*** Opening TASK INPUTS ***
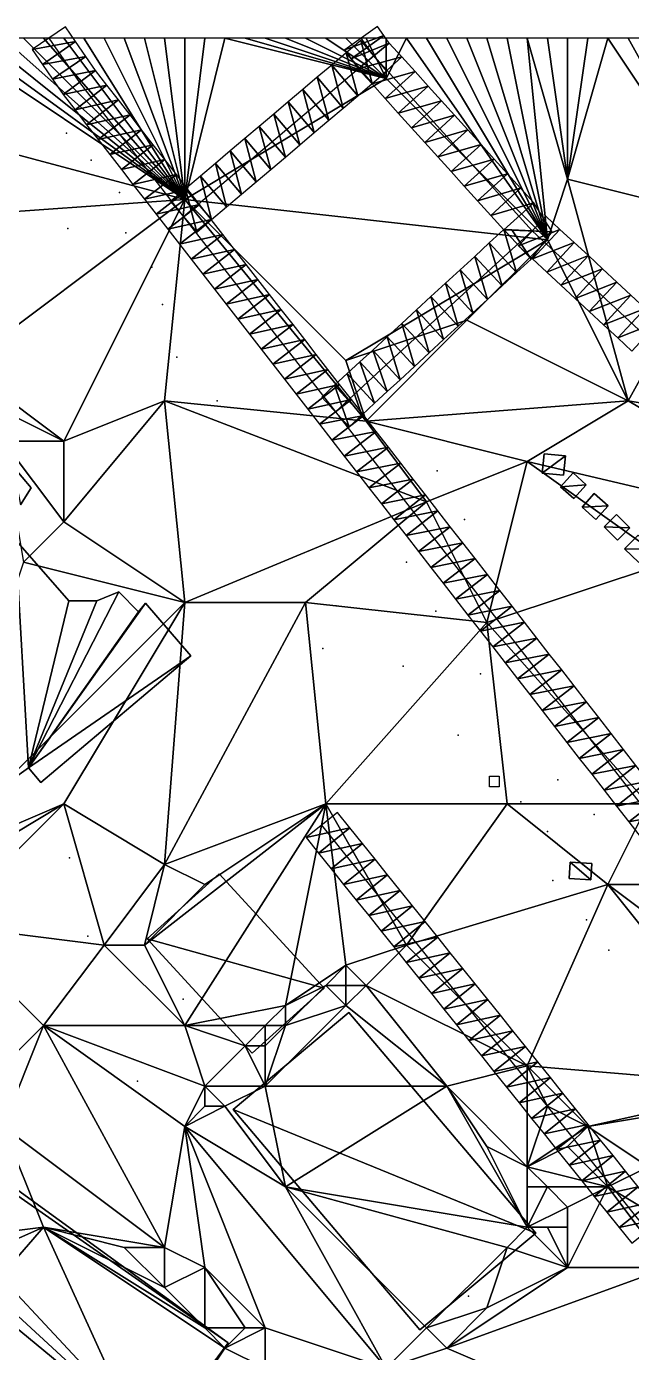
# Model space of a CAD drawing. Header units: metres. Extents: x -1103 to 901, y -902 to 905.
# Drawn here: x -123.7 to -63.7, y 769.6 to 901.2 of the extents above; entities that cross this region are included whole.
import ezdxf

# ---------------------------------------------------------------- set-up
doc = ezdxf.new("R2010")
doc.units = ezdxf.units.M
for name, color, linetype in [('OSM_BUILDING_FOOTPRINTS', 7, 'CONTINUOUS'), ('OSM_BUILDING_ROOFS', 1, 'CONTINUOUS'), ('OSM_BUILDING_WALLS', 8, 'CONTINUOUS'), ('OSM_ROAD_AXES', 2, 'CONTINUOUS'), ('OSM_ROAD_SURFACE', 9, 'CONTINUOUS'), ('OSM_TERRAIN', 3, 'CONTINUOUS'), ('OSM_TREES', 3, 'CONTINUOUS')]:
    doc.layers.add(name, color=color, linetype=linetype)

msp = doc.modelspace()

# ---------------------------------------------------------------- linework, layer by layer
at = {"layer": 'OSM_BUILDING_FOOTPRINTS'}
for points in [[(-72.34, 858.75, 9.23), (-70.21, 858.55, 9.23), (-70.41, 856.62, 9.23), (-72.53, 856.83, 9.23), (-72.34, 858.75, 9.23)], [(-69.46, 856.86, 9.4), (-68.15, 855.67, 9.4), (-69.39, 854.31, 9.4), (-70.7, 855.49, 9.4), (-69.46, 856.86, 9.4)], [(-67.35, 854.82, 9.59), (-65.97, 853.59, 9.59), (-67.19, 852.25, 9.59), (-68.56, 853.47, 9.59), (-67.35, 854.82, 9.59)], [(-65.15, 852.74, 9.79), (-63.81, 851.42, 9.79), (-65.04, 850.19, 9.79), (-66.38, 851.51, 9.79), (-65.15, 852.74, 9.79)], [(-63.01, 850.67, 10.03), (-61.61, 849.29, 10.03), (-62.94, 847.95, 10.03), (-64.34, 849.33, 10.03), (-63.01, 850.67, 10.03)], [(-77.74, 826.77, 12.83), (-76.8, 826.77, 12.81), (-76.8, 825.71, 12.87), (-77.74, 825.71, 12.88), (-77.74, 826.77, 12.83)], [(-69.83, 816.59, 11.99), (-69.74, 818.23, 11.99), (-67.61, 818.11, 11.99), (-67.69, 816.47, 11.99), (-69.83, 816.59, 11.99)], [(-104.57, 817.08, 11.32), (-94.16, 805.73, 11.32), (-101.29, 799.27, 11.32), (-111.71, 810.63, 11.32), (-104.57, 817.08, 11.32)], [(-91.71, 803.29, 13.13), (-73.17, 781.42, 13.13), (-84.66, 771.81, 13.13), (-103.2, 793.68, 13.13), (-91.71, 803.29, 13.13)]]:
    msp.add_polyline3d(points, close=True, dxfattribs=at)
for points in [[(-124.3, 853.69, 10.77), (-123.23, 855.38, 10.77), (-125.01, 857.48, 10.77)], [(-125.26, 826.34, 10.77), (-123.49, 827.59, 10.77), (-122.27, 826.12, 10.77), (-107.4, 838.7, 10.77), (-111.89, 843.93, 10.77), (-112.59, 843.08, 10.77), (-114.52, 845.07, 10.77), (-116.71, 844.15, 10.77), (-119.48, 844.15, 10.77), (-124.79, 850.23, 10.77)], [(-160.12, 766.12, 10.25), (-157.22, 770.53, 10.25), (-157.4, 771.2, 10.25), (-155.77, 773.57, 10.25), (-155.2, 773.27, 10.25), (-153.37, 776.09, 10.25), (-153.53, 776.75, 10.25), (-153.16, 777.41, 10.25), (-158.04, 795, 10.25), (-156, 797.84, 10.25), (-156.44, 798.68, 10.25), (-154.68, 801.11, 10.25), (-154.21, 800.53, 10.25), (-151.65, 804.14, 10.25), (-150.94, 803.55, 10.25), (-150.3, 804.32, 10.25), (-150.3, 804.32, 10.25), (-103.67, 770.52, 10.25), (-110.97, 760.65, 10.25)]]:
    msp.add_polyline3d(points, dxfattribs=at)
at = {"layer": 'OSM_BUILDING_ROOFS'}
for points in [[(-70.21, 858.55, 19.23), (-72.34, 858.75, 19.23), (-72.53, 856.83, 19.23)], [(-70.21, 858.55, 19.23), (-72.53, 856.83, 19.23), (-70.41, 856.62, 19.23)], [(-124.3, 853.69, 20.77), (-123.23, 855.38, 20.77), (-125.01, 857.48, 20.77)], [(-68.15, 855.67, 19.4), (-69.46, 856.86, 19.4), (-70.7, 855.49, 19.4)], [(-68.15, 855.67, 19.4), (-70.7, 855.49, 19.4), (-69.39, 854.31, 19.4)], [(-65.97, 853.59, 19.59), (-67.35, 854.82, 19.59), (-68.56, 853.47, 19.59)], [(-65.97, 853.59, 19.59), (-68.56, 853.47, 19.59), (-67.19, 852.25, 19.59)], [(-63.81, 851.42, 19.8), (-65.15, 852.74, 19.8), (-66.38, 851.51, 19.8)], [(-63.81, 851.42, 19.8), (-66.38, 851.51, 19.8), (-65.04, 850.19, 19.8)], [(-125.26, 826.34, 20.77), (-123.49, 827.59, 20.77), (-124.79, 850.23, 20.77)], [(-123.49, 827.59, 20.77), (-119.48, 844.15, 20.77), (-124.79, 850.23, 20.77)], [(-61.61, 849.29, 20.03), (-63.01, 850.67, 20.03), (-64.34, 849.33, 20.03)], [(-61.61, 849.29, 20.03), (-64.34, 849.33, 20.03), (-62.94, 847.95, 20.03)], [(-123.49, 827.59, 20.77), (-112.59, 843.08, 20.77), (-114.52, 845.07, 20.77)], [(-123.49, 827.59, 20.77), (-114.52, 845.07, 20.77), (-116.71, 844.15, 20.77)], [(-123.49, 827.59, 20.77), (-116.71, 844.15, 20.77), (-119.48, 844.15, 20.77)], [(-123.49, 827.59, 20.77), (-107.4, 838.7, 20.77), (-111.89, 843.93, 20.77)], [(-123.49, 827.59, 20.77), (-111.89, 843.93, 20.77), (-112.59, 843.08, 20.77)], [(-123.49, 827.59, 20.77), (-122.27, 826.12, 20.77), (-107.4, 838.7, 20.77)], [(-69.74, 818.23, 21.99), (-69.83, 816.59, 21.99), (-67.69, 816.47, 21.99)], [(-69.74, 818.23, 21.99), (-67.69, 816.47, 21.99), (-67.61, 818.11, 21.99)], [(-94.16, 805.73, 21.32), (-104.57, 817.08, 21.32), (-111.71, 810.63, 21.32)], [(-94.16, 805.73, 21.32), (-111.71, 810.63, 21.32), (-101.29, 799.27, 21.32)], [(-103.67, 770.52, 15.45), (-150.3, 804.32, 15.45), (-150.94, 803.55, 15.45)], [(-110.97, 760.65, 15.45), (-150.94, 803.55, 15.45), (-154.21, 800.53, 15.45)], [(-110.97, 760.65, 15.45), (-103.67, 770.52, 15.45), (-150.94, 803.55, 15.45)], [(-73.17, 781.42, 23.13), (-91.71, 803.29, 23.13), (-103.2, 793.68, 23.13)], [(-110.97, 760.65, 15.45), (-154.21, 800.53, 15.45), (-156, 797.84, 15.45)], [(-110.97, 760.65, 15.45), (-156, 797.84, 15.45), (-153.16, 777.41, 15.45)], [(-73.17, 781.42, 23.13), (-103.2, 793.68, 23.13), (-84.66, 771.81, 23.13)], [(-110.97, 760.65, 15.45), (-153.16, 777.41, 15.45), (-153.37, 776.09, 15.45)], [(-110.97, 760.65, 15.45), (-153.37, 776.09, 15.45), (-155.2, 773.27, 15.45)], [(-110.97, 760.65, 15.45), (-155.2, 773.27, 15.45), (-146.85, 756.54, 15.45)]]:
    msp.add_3dface(points, dxfattribs=at)
at = {"layer": 'OSM_BUILDING_WALLS'}
for points in [[(-72.34, 858.75, 9.23), (-72.53, 856.83, 9.23), (-72.53, 856.83, 19.23)], [(-72.34, 858.75, 9.23), (-72.53, 856.83, 19.23), (-72.34, 858.75, 19.23)], [(-70.21, 858.55, 9.23), (-72.34, 858.75, 9.23), (-72.34, 858.75, 19.23)], [(-70.21, 858.55, 9.23), (-72.34, 858.75, 19.23), (-70.21, 858.55, 19.23)], [(-70.41, 856.62, 9.23), (-70.21, 858.55, 9.23), (-70.21, 858.55, 19.23)], [(-70.41, 856.62, 9.23), (-70.21, 858.55, 19.23), (-70.41, 856.62, 19.23)], [(-123.23, 855.38, 10.77), (-125.01, 857.48, 10.77), (-125.01, 857.48, 20.77)], [(-123.23, 855.38, 10.77), (-125.01, 857.48, 20.77), (-123.23, 855.38, 20.77)], [(-72.53, 856.83, 9.23), (-70.41, 856.62, 9.23), (-70.41, 856.62, 19.23)], [(-72.53, 856.83, 9.23), (-70.41, 856.62, 19.23), (-72.53, 856.83, 19.23)], [(-69.46, 856.86, 9.4), (-70.7, 855.49, 9.4), (-70.7, 855.49, 19.4)], [(-69.46, 856.86, 9.4), (-70.7, 855.49, 19.4), (-69.46, 856.86, 19.4)], [(-68.15, 855.67, 9.4), (-69.46, 856.86, 9.4), (-69.46, 856.86, 19.4)], [(-68.15, 855.67, 9.4), (-69.46, 856.86, 19.4), (-68.15, 855.67, 19.4)], [(-124.3, 853.69, 10.77), (-123.23, 855.38, 10.77), (-123.23, 855.38, 20.77)], [(-124.3, 853.69, 10.77), (-123.23, 855.38, 20.77), (-124.3, 853.69, 20.77)], [(-70.7, 855.49, 9.4), (-69.39, 854.31, 9.4), (-69.39, 854.31, 19.4)], [(-70.7, 855.49, 9.4), (-69.39, 854.31, 19.4), (-70.7, 855.49, 19.4)], [(-69.39, 854.31, 9.4), (-68.15, 855.67, 9.4), (-68.15, 855.67, 19.4)], [(-69.39, 854.31, 9.4), (-68.15, 855.67, 19.4), (-69.39, 854.31, 19.4)], [(-67.35, 854.82, 9.59), (-68.56, 853.47, 9.59), (-68.56, 853.47, 19.59)], [(-67.35, 854.82, 9.59), (-68.56, 853.47, 19.59), (-67.35, 854.82, 19.59)], [(-65.97, 853.59, 9.59), (-67.35, 854.82, 9.59), (-67.35, 854.82, 19.59)], [(-65.97, 853.59, 9.59), (-67.35, 854.82, 19.59), (-65.97, 853.59, 19.59)], [(-68.56, 853.47, 9.59), (-67.19, 852.25, 9.59), (-67.19, 852.25, 19.59)], [(-68.56, 853.47, 9.59), (-67.19, 852.25, 19.59), (-68.56, 853.47, 19.59)], [(-67.19, 852.25, 9.59), (-65.97, 853.59, 9.59), (-65.97, 853.59, 19.59)], [(-67.19, 852.25, 9.59), (-65.97, 853.59, 19.59), (-67.19, 852.25, 19.59)], [(-65.15, 852.74, 9.79), (-66.38, 851.51, 9.79), (-66.38, 851.51, 19.8)], [(-65.15, 852.74, 9.79), (-66.38, 851.51, 19.8), (-65.15, 852.74, 19.8)], [(-63.81, 851.42, 9.79), (-65.15, 852.74, 9.79), (-65.15, 852.74, 19.8)], [(-63.81, 851.42, 9.79), (-65.15, 852.74, 19.8), (-63.81, 851.42, 19.8)], [(-66.38, 851.51, 9.79), (-65.04, 850.19, 9.79), (-65.04, 850.19, 19.8)], [(-66.38, 851.51, 9.79), (-65.04, 850.19, 19.8), (-66.38, 851.51, 19.8)], [(-65.04, 850.19, 9.79), (-63.81, 851.42, 9.79), (-63.81, 851.42, 19.8)], [(-65.04, 850.19, 9.79), (-63.81, 851.42, 19.8), (-65.04, 850.19, 19.8)], [(-119.48, 844.15, 10.77), (-124.79, 850.23, 10.77), (-124.79, 850.23, 20.77)], [(-119.48, 844.15, 10.77), (-124.79, 850.23, 20.77), (-119.48, 844.15, 20.77)], [(-63.01, 850.67, 10.03), (-64.34, 849.33, 10.03), (-64.34, 849.33, 20.03)], [(-63.01, 850.67, 10.03), (-64.34, 849.33, 20.03), (-63.01, 850.67, 20.03)], [(-64.34, 849.33, 10.03), (-62.94, 847.95, 10.03), (-62.94, 847.95, 20.03)], [(-64.34, 849.33, 10.03), (-62.94, 847.95, 20.03), (-64.34, 849.33, 20.03)], [(-114.52, 845.07, 10.77), (-116.71, 844.15, 10.77), (-116.71, 844.15, 20.77)], [(-114.52, 845.07, 10.77), (-116.71, 844.15, 20.77), (-114.52, 845.07, 20.77)], [(-112.59, 843.08, 10.77), (-114.52, 845.07, 10.77), (-114.52, 845.07, 20.77)], [(-112.59, 843.08, 10.77), (-114.52, 845.07, 20.77), (-112.59, 843.08, 20.77)], [(-116.71, 844.15, 10.77), (-119.48, 844.15, 10.77), (-119.48, 844.15, 20.77)], [(-116.71, 844.15, 10.77), (-119.48, 844.15, 20.77), (-116.71, 844.15, 20.77)], [(-111.89, 843.93, 10.77), (-112.59, 843.08, 10.77), (-112.59, 843.08, 20.77)], [(-111.89, 843.93, 10.77), (-112.59, 843.08, 20.77), (-111.89, 843.93, 20.77)], [(-107.4, 838.7, 10.77), (-111.89, 843.93, 10.77), (-111.89, 843.93, 20.77)], [(-107.4, 838.7, 10.77), (-111.89, 843.93, 20.77), (-107.4, 838.7, 20.77)], [(-122.27, 826.12, 10.77), (-107.4, 838.7, 10.77), (-107.4, 838.7, 20.77)], [(-122.27, 826.12, 10.77), (-107.4, 838.7, 20.77), (-122.27, 826.12, 20.77)], [(-125.26, 826.34, 10.77), (-123.49, 827.59, 10.77), (-123.49, 827.59, 20.77)], [(-125.26, 826.34, 10.77), (-123.49, 827.59, 20.77), (-125.26, 826.34, 20.77)], [(-123.49, 827.59, 10.77), (-122.27, 826.12, 10.77), (-122.27, 826.12, 20.77)], [(-123.49, 827.59, 10.77), (-122.27, 826.12, 20.77), (-123.49, 827.59, 20.77)], [(-69.74, 818.23, 11.99), (-69.83, 816.59, 11.99), (-69.83, 816.59, 21.99)], [(-69.74, 818.23, 11.99), (-69.83, 816.59, 21.99), (-69.74, 818.23, 21.99)], [(-67.61, 818.11, 11.99), (-69.74, 818.23, 11.99), (-69.74, 818.23, 21.99)], [(-67.61, 818.11, 11.99), (-69.74, 818.23, 21.99), (-67.61, 818.11, 21.99)], [(-67.69, 816.47, 11.99), (-67.61, 818.11, 11.99), (-67.61, 818.11, 21.99)], [(-67.69, 816.47, 11.99), (-67.61, 818.11, 21.99), (-67.69, 816.47, 21.99)], [(-104.57, 817.08, 11.32), (-111.71, 810.63, 11.32), (-111.71, 810.63, 21.32)], [(-104.57, 817.08, 11.32), (-111.71, 810.63, 21.32), (-104.57, 817.08, 21.32)], [(-94.16, 805.73, 11.32), (-104.57, 817.08, 11.32), (-104.57, 817.08, 21.32)], [(-94.16, 805.73, 11.32), (-104.57, 817.08, 21.32), (-94.16, 805.73, 21.32)], [(-69.83, 816.59, 11.99), (-67.69, 816.47, 11.99), (-67.69, 816.47, 21.99)], [(-69.83, 816.59, 11.99), (-67.69, 816.47, 21.99), (-69.83, 816.59, 21.99)], [(-111.71, 810.63, 11.32), (-101.29, 799.27, 11.32), (-101.29, 799.27, 21.32)], [(-111.71, 810.63, 11.32), (-101.29, 799.27, 21.32), (-111.71, 810.63, 21.32)], [(-101.29, 799.27, 11.32), (-94.16, 805.73, 11.32), (-94.16, 805.73, 21.32)], [(-101.29, 799.27, 11.32), (-94.16, 805.73, 21.32), (-101.29, 799.27, 21.32)], [(-103.67, 770.52, 10.25), (-150.3, 804.32, 10.25), (-150.3, 804.32, 15.45)], [(-103.67, 770.52, 10.25), (-150.3, 804.32, 15.45), (-103.67, 770.52, 15.45)], [(-91.71, 803.29, 13.13), (-103.2, 793.68, 13.13), (-103.2, 793.68, 23.13)], [(-91.71, 803.29, 13.13), (-103.2, 793.68, 23.13), (-91.71, 803.29, 23.13)], [(-73.17, 781.42, 13.13), (-91.71, 803.29, 13.13), (-91.71, 803.29, 23.13)], [(-73.17, 781.42, 13.13), (-91.71, 803.29, 23.13), (-73.17, 781.42, 23.13)], [(-103.2, 793.68, 13.13), (-84.66, 771.81, 13.13), (-84.66, 771.81, 23.13)], [(-103.2, 793.68, 13.13), (-84.66, 771.81, 23.13), (-103.2, 793.68, 23.13)], [(-84.66, 771.81, 13.13), (-73.17, 781.42, 13.13), (-73.17, 781.42, 23.13)], [(-84.66, 771.81, 13.13), (-73.17, 781.42, 23.13), (-84.66, 771.81, 23.13)], [(-110.97, 760.65, 10.25), (-103.67, 770.52, 10.25), (-103.67, 770.52, 15.45)], [(-110.97, 760.65, 10.25), (-103.67, 770.52, 15.45), (-110.97, 760.65, 15.45)]]:
    msp.add_3dface(points, dxfattribs=at)
at = {"layer": 'OSM_ROAD_AXES'}
for points in [[(-121.49, 900, 13.08), (-118.45, 895.6, 13.21), (-108.1, 882.27, 13.59), (-93.04, 862.91, 12.85), (-27.98, 779.25, 22.17)], [(-93.04, 862.91, 12.85), (-87.99, 867.57, 12.51), (-73.53, 880.87, 12.02), (-89.24, 898.24, 12.09), (-90.49, 900, 12.08)], [(-89.24, 898.24, 12.09), (-102.18, 887.28, 13.16), (-108.1, 882.27, 13.59)], [(-73.53, 880.87, 12.02), (-50.99, 859.96, 11.45), (-35.57, 846.11, 12.74)], [(-47.15, 763.08, 20.77), (-94.4, 821.91, 13.24)]]:
    msp.add_polyline3d(points, dxfattribs=at)
at = {"layer": 'OSM_ROAD_SURFACE'}
for points in [[(-123.13, 898.87, 13.15), (-118.83, 899.67, 13.15), (-119.84, 901.13, 13.17)], [(-88.23, 900.28, 12.14), (-88.86, 901.16, 12.14), (-92.12, 898.84, 12.14)], [(-88.23, 900.28, 12.14), (-92.12, 898.84, 12.14), (-91.49, 897.96, 12.16)], [(-87.7, 899.52, 12.13), (-88.23, 900.28, 12.14), (-91.49, 897.96, 12.16)], [(-123.13, 898.87, 13.15), (-122.12, 897.4, 13.19), (-118.83, 899.67, 13.15)], [(-122.12, 897.4, 13.19), (-117.82, 898.2, 13.19), (-118.83, 899.67, 13.15)], [(-90.53, 899.77, 12.13), (-91.97, 898.55, 12.14), (-89.38, 895.5, 12.25)], [(-87.7, 899.52, 12.13), (-91.49, 897.96, 12.16), (-90.78, 896.97, 12.21)], [(-86.45, 898.14, 12.12), (-87.7, 899.52, 12.13), (-90.78, 896.97, 12.21)], [(-90.53, 899.77, 12.13), (-89.38, 895.5, 12.25), (-87.95, 896.72, 12.16)], [(-122.12, 897.4, 13.19), (-121.11, 895.93, 13.23), (-117.82, 898.2, 13.19)], [(-121.11, 895.93, 13.23), (-116.84, 896.78, 13.23), (-117.82, 898.2, 13.19)], [(-91.97, 898.55, 12.14), (-93.41, 897.34, 12.31), (-90.82, 894.28, 12.37)], [(-91.97, 898.55, 12.14), (-90.82, 894.28, 12.37), (-89.38, 895.5, 12.25)], [(-86.45, 898.14, 12.12), (-90.78, 896.97, 12.21), (-89.41, 895.46, 12.25)], [(-85.14, 896.69, 12.11), (-86.45, 898.14, 12.12), (-89.41, 895.46, 12.25)], [(-121.11, 895.93, 13.23), (-120.07, 894.42, 13.28), (-116.84, 896.78, 13.23)], [(-120.07, 894.42, 13.28), (-115.72, 895.35, 13.28), (-116.84, 896.78, 13.23)], [(-93.41, 897.34, 12.31), (-94.84, 896.12, 12.44), (-92.26, 893.07, 12.49)], [(-93.41, 897.34, 12.31), (-92.26, 893.07, 12.49), (-90.82, 894.28, 12.37)], [(-85.14, 896.69, 12.11), (-89.41, 895.46, 12.25), (-88.1, 894.01, 12.25)], [(-83.83, 895.24, 12.1), (-85.14, 896.69, 12.11), (-88.1, 894.01, 12.25)], [(-120.07, 894.42, 13.28), (-118.88, 892.89, 13.33), (-115.72, 895.35, 13.28)], [(-118.88, 892.89, 13.33), (-114.57, 893.87, 13.33), (-115.72, 895.35, 13.28)], [(-96.28, 894.9, 12.56), (-97.72, 893.68, 12.69), (-95.14, 890.63, 12.73)], [(-94.84, 896.12, 12.44), (-96.28, 894.9, 12.56), (-93.7, 891.85, 12.61)], [(-96.28, 894.9, 12.56), (-95.14, 890.63, 12.73), (-93.7, 891.85, 12.61)], [(-94.84, 896.12, 12.44), (-93.7, 891.85, 12.61), (-92.26, 893.07, 12.49)], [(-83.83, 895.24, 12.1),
*** Closing TASK INPUTS ***
EXERCISE OBJECTIVE: Search the data for the string "color". List each line that has it.

RESULT:
for name, color, linetype in [('OSM_BUILDING_FOOTPRINTS', 7, 'CONTINUOUS'), ('OSM_BUILDING_ROOFS', 1, 'CONTINUOUS'), ('OSM_BUILDING_WALLS', 8, 'CONTINUOUS'), ('OSM_ROAD_AXES', 2, 'CONTINUOUS'), ('OSM_ROAD_SURFACE', 9, 'CONTINUOUS'), ('OSM_TERRAIN', 3, 'CONTINUOUS'), ('OSM_TREES', 3, 'CONTINUOUS')]:
    doc.layers.add(name, color=color, linetype=linetype)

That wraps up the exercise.